Wie beispielsweise die Rheinische Post berichtete,
faßte Jung die Aufgaben der nun zu entsendenden als auch der bereits in
Afghanistan stationierten deutschen Soldaten mit „schützen, helfen,
vermitteln und kämpfen“ zusammen. Schon dies zeigt, daß die Soldaten
auch jetzt schon keineswegs nur vor Ort sind, um Brunnen zu bohren, wie
dies gern vermittelt wird.
Allein
schon die Tatsache, daß die nun nach Afghanistan abzukommandierenden
deutschen Soldaten dort die Rolle der bisher von norwegischen Soldaten
gestellten „Quick Reaction Force“ („schnelle Eingreiftruppe“) übernehmen
werden, macht nur zu deutlich, daß es sich hier einzig und allein um
einen Kampfverband handelt. Die QRF wird insbesondere eingesetzt, wenn
andere Einheiten militärisch unter Druck geraten, kann aber auch aktiv
gegen Widerstandskämpfer vorgehen.
Damit
aber nicht genug, stellte Jung außerdem klar, daß die deutschen
Soldaten der QRF auch „in anderen Landesteilen“ eingesetzt werden können,
wenn dies als erforderlich angesehen wird. „Wenn Freunde in Not sind,
werden wir sie unterstützen“, sagte er. Es dürfte wenig überraschend
sein, sollte dieser Not- zum Regelfall werden, gleichgültig ob im
Norden, Süden, Westen oder Osten.
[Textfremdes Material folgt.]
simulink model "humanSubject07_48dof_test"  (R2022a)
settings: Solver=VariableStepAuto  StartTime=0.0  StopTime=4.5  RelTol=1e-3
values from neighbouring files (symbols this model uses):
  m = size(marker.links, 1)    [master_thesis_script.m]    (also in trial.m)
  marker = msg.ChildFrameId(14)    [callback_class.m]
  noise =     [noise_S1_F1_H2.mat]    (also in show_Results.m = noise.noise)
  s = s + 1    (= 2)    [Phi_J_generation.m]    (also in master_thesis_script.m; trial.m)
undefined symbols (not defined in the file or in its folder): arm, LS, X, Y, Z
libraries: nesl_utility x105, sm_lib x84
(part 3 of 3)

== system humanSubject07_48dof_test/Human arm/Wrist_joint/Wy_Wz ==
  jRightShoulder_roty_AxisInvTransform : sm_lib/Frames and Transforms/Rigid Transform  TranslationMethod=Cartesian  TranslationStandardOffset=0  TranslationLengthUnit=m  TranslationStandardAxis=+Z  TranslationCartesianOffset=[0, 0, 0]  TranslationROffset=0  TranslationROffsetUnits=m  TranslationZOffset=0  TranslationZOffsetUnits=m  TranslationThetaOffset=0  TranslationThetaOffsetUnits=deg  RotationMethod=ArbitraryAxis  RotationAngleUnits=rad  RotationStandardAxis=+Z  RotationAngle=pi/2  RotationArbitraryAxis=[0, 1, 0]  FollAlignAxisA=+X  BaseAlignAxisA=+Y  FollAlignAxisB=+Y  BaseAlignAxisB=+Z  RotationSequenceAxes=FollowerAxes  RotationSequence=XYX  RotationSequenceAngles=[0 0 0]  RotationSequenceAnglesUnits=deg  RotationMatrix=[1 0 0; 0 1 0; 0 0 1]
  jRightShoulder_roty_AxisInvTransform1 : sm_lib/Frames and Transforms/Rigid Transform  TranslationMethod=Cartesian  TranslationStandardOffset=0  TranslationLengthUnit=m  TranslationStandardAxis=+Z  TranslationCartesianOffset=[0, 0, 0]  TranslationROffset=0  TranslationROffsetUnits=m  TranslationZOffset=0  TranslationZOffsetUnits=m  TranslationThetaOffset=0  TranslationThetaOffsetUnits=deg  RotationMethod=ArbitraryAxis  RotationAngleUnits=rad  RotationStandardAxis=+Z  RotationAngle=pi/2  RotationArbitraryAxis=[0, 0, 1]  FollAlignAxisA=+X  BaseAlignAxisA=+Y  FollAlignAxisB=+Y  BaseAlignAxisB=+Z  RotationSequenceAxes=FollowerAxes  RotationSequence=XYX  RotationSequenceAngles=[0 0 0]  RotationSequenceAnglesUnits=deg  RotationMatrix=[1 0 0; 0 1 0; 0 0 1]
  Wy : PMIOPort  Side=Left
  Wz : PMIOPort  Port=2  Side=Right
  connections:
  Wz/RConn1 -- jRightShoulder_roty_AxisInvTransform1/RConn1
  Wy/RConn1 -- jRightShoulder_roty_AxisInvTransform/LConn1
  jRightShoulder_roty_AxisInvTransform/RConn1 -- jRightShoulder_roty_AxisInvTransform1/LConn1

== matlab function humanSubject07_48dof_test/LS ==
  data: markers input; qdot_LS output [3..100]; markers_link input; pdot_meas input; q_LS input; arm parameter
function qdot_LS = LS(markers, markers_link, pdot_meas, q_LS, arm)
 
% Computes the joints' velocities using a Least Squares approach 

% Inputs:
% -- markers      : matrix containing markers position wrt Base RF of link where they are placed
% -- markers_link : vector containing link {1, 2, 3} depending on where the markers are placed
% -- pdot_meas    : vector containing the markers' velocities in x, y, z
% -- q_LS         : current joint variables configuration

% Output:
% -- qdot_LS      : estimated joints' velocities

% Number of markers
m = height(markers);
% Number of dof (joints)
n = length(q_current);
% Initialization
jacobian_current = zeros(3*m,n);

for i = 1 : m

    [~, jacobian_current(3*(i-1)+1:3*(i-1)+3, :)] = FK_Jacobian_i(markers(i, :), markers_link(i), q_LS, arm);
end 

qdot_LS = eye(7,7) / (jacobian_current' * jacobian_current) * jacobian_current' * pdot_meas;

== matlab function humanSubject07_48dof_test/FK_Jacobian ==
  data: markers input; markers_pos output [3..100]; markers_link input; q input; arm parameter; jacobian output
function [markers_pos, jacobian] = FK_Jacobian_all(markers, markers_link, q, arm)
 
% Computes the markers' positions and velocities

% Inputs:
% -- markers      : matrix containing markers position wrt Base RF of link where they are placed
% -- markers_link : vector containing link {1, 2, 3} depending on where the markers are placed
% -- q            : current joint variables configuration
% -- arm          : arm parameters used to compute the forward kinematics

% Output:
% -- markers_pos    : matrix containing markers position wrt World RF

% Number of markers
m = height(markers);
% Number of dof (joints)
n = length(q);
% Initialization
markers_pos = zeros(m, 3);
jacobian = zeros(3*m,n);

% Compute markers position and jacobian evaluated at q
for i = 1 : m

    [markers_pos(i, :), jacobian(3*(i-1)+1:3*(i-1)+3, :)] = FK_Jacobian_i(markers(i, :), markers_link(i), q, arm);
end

Erst vor einer Woche hatte die
Washington Post berichtet,
daß gleich zwei Lageeinschätzungen die Zukunft der Besatzer in
Afghanistan düster darstellen.
„Täuschen
Sie sich nicht, die NATO gewinnt in Afghanistan nicht“, so der Bericht
des Atlantic Council of the United States unter dem Vorsitz des
pensionierten Generals James L. Jones, des Oberkommandierenden der NATO
bis Sommer 2006. Auch an der zweiten Lageeinschätzung war Jones
beteiligt. Diese wurde von der Afghanistan Study Group vorgelegt, zu
deren Vorstand er gehört. In diesem Bericht heißt es, der
„Fortschritt“ in Afghanistan sei „ernsthaft bedroht von wieder
anwachsender Gewalt, schwächer werdender internationaler
Entschlossenheit, wachsenden regionalen Herausforderungen und einem
zunehmenden Mangel an Vertrauen seitens der afghanischen Bevölkerung
hinsichtlich der zukünftigen Entwicklung ihres Landes.“ Beide
Berichte kamen – angesichts von Jones' Beteiligung sicherlich wenig überraschend
– zu dem Schluß, daß eine solche Entwicklung nur durch Maßnahmen
der NATO – also die Entsendung weiterer Truppen, die das Land noch
weiter in Schutt und Asche legen – verhindert werden könne.
Die
Entsendung weiterer deutscher Soldaten nach Afghanistan unter dem
Deckmantel einer Stationierung im „friedlichen Norden“ kann nur als
dreiste Lüge gegenüber der deutschen Bevölkerung – und als
mutwilliges Ignorieren der absoluten Mehrheit der Bevölkerung, die eben
diese Entsendung ablehnt – bezeichnet werden. Ohnehin kommt eine
solche Diskussion allerdings schon Jahre zu spät. Auch die bereits in
Afghanistan stationierten Soldaten sind schließlich auch an Kämpfen
beteiligt – von den im Süden des Landes eingesetzten deutschen
Kampfflugzeugen des Typs „Tornado“ und den deutschen Soldaten des
„Kommando Spezialkräfte“ (KSK), die insgeheim Seite an Seite mit
US-Spezialeinheiten gekämpft haben und dies möglicherweise immer noch
tun gar nicht zu reden.
Nun
kann es kaum verwundern, daß die USA ein immer weiter wachsendes
Interesse an der „Einbindung“ einer möglichst großen Zahl von
Soldaten aus möglichst vielen Staaten haben. Nichts ist schließlich so
geeignet, eine zukünftige Kritik oder gar Verurteilung der USA wegen
des Angriffskriegs gegen Afghanistan besser zu verhindern als eine möglichst
breitgefächerte Beteiligung an eben diesem Krieg. Daß die deutsche
Bundesregierung unter der Kanzlerin Angela Merkel nur allzu bereitwillig
unterstützt, zeigt einmal mehr, wie weit sich Deutschland unter ihrer Führung
den Bedürfnissen der USA unterordnet. Und genau aus diesem Grund ist
kaum anzunehmen, daß dies die letzte deutsche „Verstärkung“ für
Afghanistan gewesen sein wird.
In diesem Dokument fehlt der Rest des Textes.